◆ **About this task**
The line containing "Rectangle(SKETCH3_W, SKETCH3_H)" marks the end; write out exactly every line from the start of the data up to and including it, without the pictures.

(Material for this task Opens)

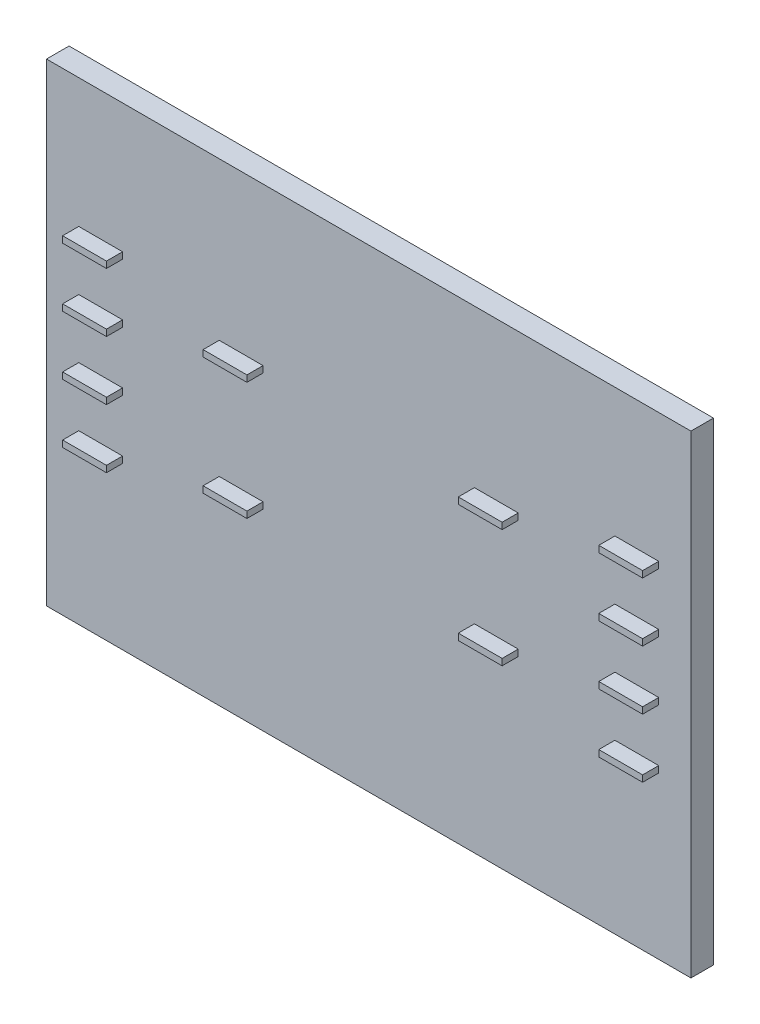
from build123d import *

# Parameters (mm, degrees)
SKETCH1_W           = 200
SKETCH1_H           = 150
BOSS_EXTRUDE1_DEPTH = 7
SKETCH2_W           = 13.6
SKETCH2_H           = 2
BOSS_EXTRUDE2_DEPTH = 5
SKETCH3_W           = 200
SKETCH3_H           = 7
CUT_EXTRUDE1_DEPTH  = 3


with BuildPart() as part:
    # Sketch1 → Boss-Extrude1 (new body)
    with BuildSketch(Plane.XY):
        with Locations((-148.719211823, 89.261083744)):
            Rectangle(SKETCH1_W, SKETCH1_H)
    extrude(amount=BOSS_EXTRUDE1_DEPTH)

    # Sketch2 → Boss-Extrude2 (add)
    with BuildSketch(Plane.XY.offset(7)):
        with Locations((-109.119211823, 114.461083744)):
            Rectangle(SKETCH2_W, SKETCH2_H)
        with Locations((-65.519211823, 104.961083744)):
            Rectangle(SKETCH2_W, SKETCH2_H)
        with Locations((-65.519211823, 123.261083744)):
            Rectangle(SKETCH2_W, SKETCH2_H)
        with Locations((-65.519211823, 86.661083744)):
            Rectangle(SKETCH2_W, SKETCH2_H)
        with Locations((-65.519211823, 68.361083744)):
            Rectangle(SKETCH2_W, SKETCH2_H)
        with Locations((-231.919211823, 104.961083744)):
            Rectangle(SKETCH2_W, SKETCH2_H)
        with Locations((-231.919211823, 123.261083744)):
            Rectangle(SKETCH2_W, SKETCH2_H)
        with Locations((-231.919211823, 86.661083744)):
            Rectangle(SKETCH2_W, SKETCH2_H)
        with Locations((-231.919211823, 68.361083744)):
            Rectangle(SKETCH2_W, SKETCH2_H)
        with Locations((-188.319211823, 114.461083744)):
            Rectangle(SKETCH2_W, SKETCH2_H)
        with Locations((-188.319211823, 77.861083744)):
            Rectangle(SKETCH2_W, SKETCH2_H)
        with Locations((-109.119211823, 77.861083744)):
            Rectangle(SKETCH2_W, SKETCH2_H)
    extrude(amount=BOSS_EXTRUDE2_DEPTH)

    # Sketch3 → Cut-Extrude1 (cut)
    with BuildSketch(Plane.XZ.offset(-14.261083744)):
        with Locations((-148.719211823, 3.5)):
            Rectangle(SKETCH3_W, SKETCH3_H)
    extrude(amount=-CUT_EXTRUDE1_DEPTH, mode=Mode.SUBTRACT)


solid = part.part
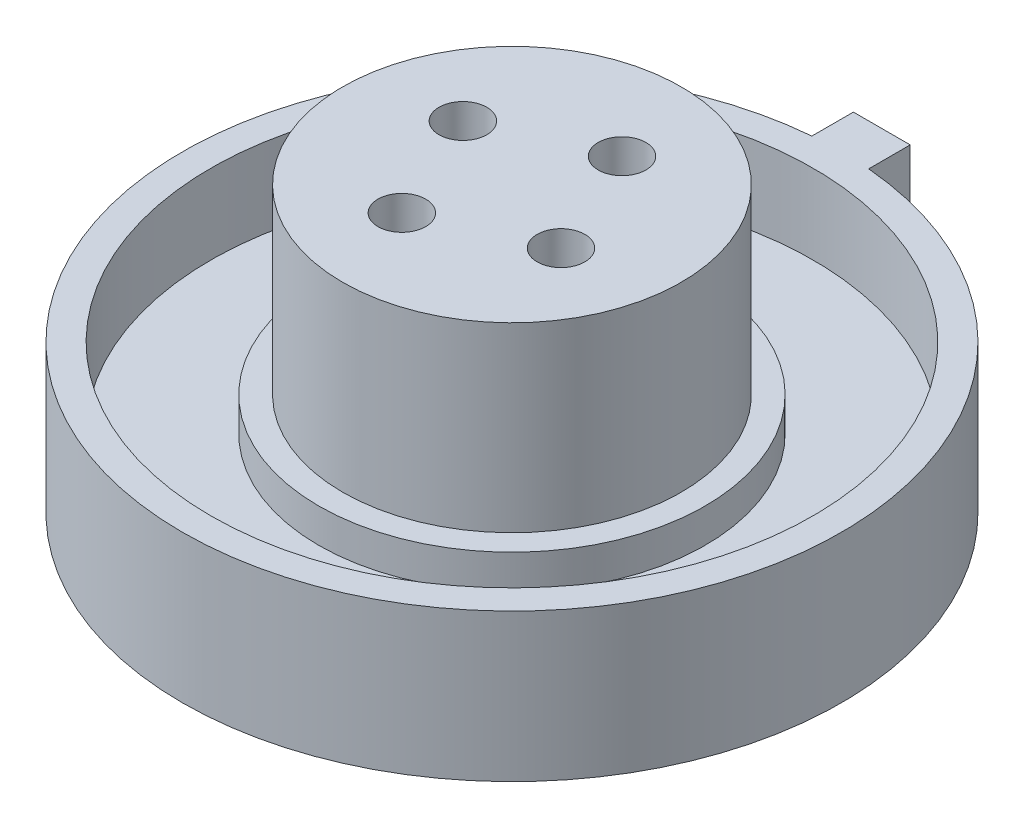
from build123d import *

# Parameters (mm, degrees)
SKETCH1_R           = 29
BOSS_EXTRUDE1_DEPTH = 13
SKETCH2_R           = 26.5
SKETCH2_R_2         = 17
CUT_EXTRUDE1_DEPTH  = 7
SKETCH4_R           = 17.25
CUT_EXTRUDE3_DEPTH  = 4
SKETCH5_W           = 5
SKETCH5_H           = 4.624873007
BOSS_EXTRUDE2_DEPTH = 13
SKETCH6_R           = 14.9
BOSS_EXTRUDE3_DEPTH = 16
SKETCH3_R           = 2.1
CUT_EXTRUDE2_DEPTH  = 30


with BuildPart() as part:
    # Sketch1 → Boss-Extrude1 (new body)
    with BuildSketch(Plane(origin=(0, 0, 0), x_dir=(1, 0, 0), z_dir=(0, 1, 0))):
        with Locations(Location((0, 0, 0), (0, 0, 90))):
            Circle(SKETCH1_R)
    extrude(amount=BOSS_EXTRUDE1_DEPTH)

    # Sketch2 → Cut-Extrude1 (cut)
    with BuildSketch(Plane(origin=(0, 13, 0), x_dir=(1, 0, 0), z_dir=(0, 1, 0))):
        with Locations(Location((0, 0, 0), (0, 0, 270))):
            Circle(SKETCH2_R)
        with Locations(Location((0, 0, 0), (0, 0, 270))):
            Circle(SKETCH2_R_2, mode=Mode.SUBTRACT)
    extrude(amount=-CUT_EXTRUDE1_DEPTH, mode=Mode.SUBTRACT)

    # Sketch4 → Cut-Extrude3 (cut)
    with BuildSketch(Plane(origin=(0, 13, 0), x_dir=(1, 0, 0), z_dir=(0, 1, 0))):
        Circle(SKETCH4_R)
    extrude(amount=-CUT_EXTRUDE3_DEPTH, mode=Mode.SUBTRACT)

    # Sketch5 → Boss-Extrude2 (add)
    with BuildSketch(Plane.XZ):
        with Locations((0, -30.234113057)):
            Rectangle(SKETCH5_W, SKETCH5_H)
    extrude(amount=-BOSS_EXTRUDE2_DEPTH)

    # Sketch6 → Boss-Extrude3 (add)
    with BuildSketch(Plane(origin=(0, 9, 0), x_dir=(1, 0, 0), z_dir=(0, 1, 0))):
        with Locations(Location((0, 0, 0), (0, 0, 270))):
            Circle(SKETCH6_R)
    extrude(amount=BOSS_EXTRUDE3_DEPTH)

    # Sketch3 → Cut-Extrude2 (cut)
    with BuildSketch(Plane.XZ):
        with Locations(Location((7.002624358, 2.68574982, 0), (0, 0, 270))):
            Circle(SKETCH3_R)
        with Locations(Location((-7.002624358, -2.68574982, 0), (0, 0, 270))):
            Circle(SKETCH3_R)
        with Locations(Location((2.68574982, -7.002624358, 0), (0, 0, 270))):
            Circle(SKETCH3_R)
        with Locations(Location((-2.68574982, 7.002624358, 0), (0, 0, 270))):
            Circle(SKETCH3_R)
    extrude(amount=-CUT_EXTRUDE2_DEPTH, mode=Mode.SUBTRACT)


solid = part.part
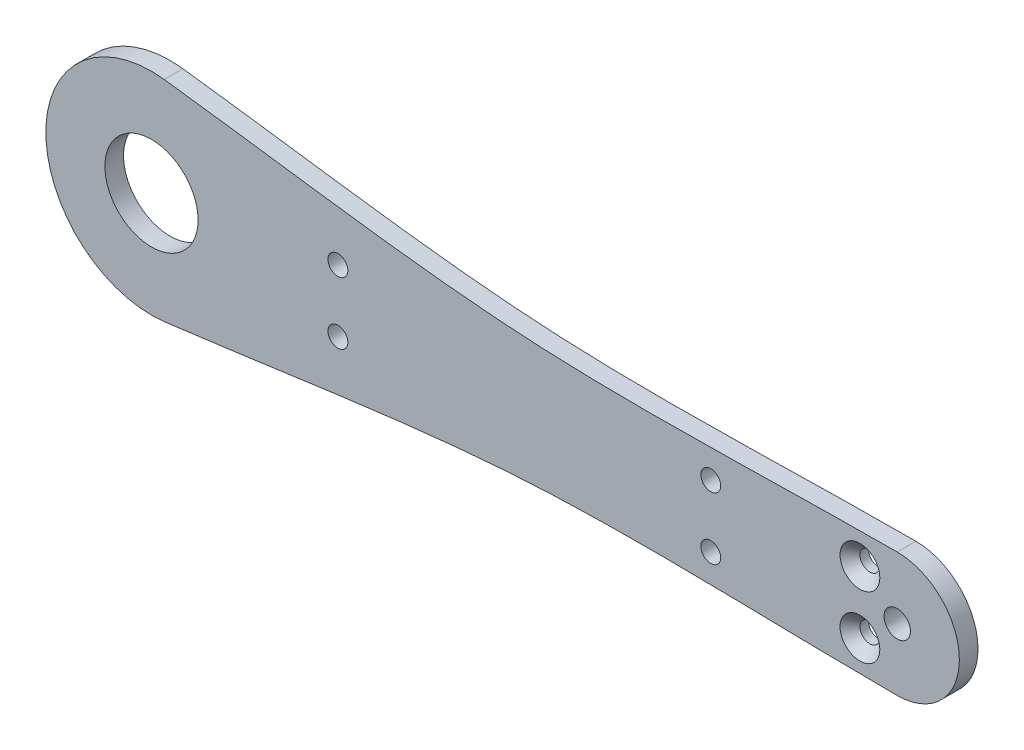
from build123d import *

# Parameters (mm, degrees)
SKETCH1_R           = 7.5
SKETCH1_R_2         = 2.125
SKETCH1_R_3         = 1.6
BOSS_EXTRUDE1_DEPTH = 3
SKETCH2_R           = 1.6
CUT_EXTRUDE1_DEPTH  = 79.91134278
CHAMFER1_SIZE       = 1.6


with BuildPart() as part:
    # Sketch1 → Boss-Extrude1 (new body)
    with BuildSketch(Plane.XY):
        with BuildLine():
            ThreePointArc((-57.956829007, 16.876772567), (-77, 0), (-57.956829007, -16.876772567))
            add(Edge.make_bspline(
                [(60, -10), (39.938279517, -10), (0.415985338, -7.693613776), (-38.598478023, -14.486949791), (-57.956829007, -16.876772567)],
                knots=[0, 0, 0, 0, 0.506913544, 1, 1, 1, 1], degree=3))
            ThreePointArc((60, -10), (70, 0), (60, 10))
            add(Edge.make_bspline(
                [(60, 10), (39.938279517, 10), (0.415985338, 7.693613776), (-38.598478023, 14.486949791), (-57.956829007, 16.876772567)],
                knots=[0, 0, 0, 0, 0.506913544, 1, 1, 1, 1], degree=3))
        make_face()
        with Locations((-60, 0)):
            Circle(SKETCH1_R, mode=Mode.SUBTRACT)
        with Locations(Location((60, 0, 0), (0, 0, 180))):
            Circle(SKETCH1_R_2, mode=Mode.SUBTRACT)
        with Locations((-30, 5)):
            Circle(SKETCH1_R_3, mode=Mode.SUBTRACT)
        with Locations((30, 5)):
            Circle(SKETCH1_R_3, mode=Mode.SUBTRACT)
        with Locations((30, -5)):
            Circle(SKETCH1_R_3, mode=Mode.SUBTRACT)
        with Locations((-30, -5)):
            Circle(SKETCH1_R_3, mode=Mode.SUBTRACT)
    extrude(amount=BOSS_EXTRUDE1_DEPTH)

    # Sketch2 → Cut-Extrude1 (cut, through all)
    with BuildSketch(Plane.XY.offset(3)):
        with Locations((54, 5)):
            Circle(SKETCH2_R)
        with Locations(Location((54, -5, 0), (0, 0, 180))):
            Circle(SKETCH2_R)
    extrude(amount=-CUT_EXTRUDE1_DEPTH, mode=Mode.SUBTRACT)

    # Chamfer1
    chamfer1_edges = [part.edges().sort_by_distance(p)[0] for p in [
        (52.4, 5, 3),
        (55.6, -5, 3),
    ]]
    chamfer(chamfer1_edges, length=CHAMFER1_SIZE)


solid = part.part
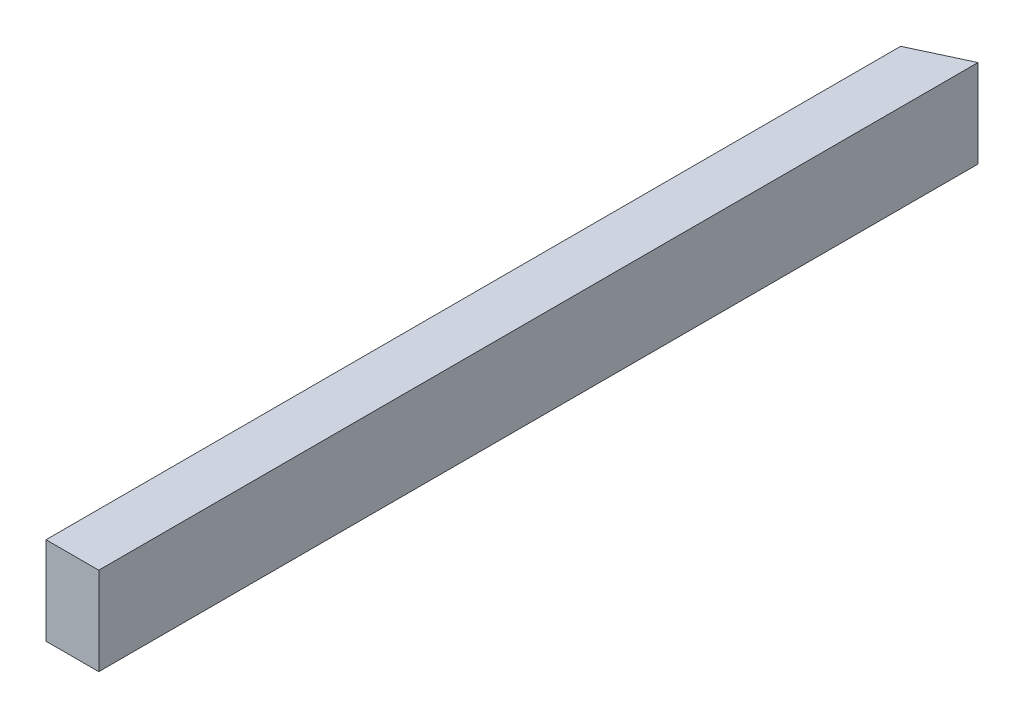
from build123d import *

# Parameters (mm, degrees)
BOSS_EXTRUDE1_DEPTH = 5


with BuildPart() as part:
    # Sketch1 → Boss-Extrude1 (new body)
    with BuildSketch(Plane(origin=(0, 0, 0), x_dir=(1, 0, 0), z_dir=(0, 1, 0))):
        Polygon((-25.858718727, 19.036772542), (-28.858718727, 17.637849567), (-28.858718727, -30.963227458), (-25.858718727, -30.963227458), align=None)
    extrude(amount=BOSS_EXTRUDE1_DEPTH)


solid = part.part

(Material for this task Closes)

◆ **Reply to the exercise**
from build123d import *

# Parameters (mm, degrees)
SKETCH1_W           = 200
SKETCH1_H           = 150
BOSS_EXTRUDE1_DEPTH = 7
SKETCH2_W           = 13.6
SKETCH2_H           = 2
BOSS_EXTRUDE2_DEPTH = 5
SKETCH3_W           = 200
SKETCH3_H           = 7
CUT_EXTRUDE1_DEPTH  = 3


with BuildPart() as part:
    # Sketch1 → Boss-Extrude1 (new body)
    with BuildSketch(Plane.XY):
        with Locations((-148.719211823, 89.261083744)):
            Rectangle(SKETCH1_W, SKETCH1_H)
    extrude(amount=BOSS_EXTRUDE1_DEPTH)

    # Sketch2 → Boss-Extrude2 (add)
    with BuildSketch(Plane.XY.offset(7)):
        with Locations((-109.119211823, 114.461083744)):
            Rectangle(SKETCH2_W, SKETCH2_H)
        with Locations((-65.519211823, 104.961083744)):
            Rectangle(SKETCH2_W, SKETCH2_H)
        with Locations((-65.519211823, 123.261083744)):
            Rectangle(SKETCH2_W, SKETCH2_H)
        with Locations((-65.519211823, 86.661083744)):
            Rectangle(SKETCH2_W, SKETCH2_H)
        with Locations((-65.519211823, 68.361083744)):
            Rectangle(SKETCH2_W, SKETCH2_H)
        with Locations((-231.919211823, 104.961083744)):
            Rectangle(SKETCH2_W, SKETCH2_H)
        with Locations((-231.919211823, 123.261083744)):
            Rectangle(SKETCH2_W, SKETCH2_H)
        with Locations((-231.919211823, 86.661083744)):
            Rectangle(SKETCH2_W, SKETCH2_H)
        with Locations((-231.919211823, 68.361083744)):
            Rectangle(SKETCH2_W, SKETCH2_H)
        with Locations((-188.319211823, 114.461083744)):
            Rectangle(SKETCH2_W, SKETCH2_H)
        with Locations((-188.319211823, 77.861083744)):
            Rectangle(SKETCH2_W, SKETCH2_H)
        with Locations((-109.119211823, 77.861083744)):
            Rectangle(SKETCH2_W, SKETCH2_H)
    extrude(amount=BOSS_EXTRUDE2_DEPTH)

    # Sketch3 → Cut-Extrude1 (cut)
    with BuildSketch(Plane.XZ.offset(-14.261083744)):
        with Locations((-148.719211823, 3.5)):
            Rectangle(SKETCH3_W, SKETCH3_H)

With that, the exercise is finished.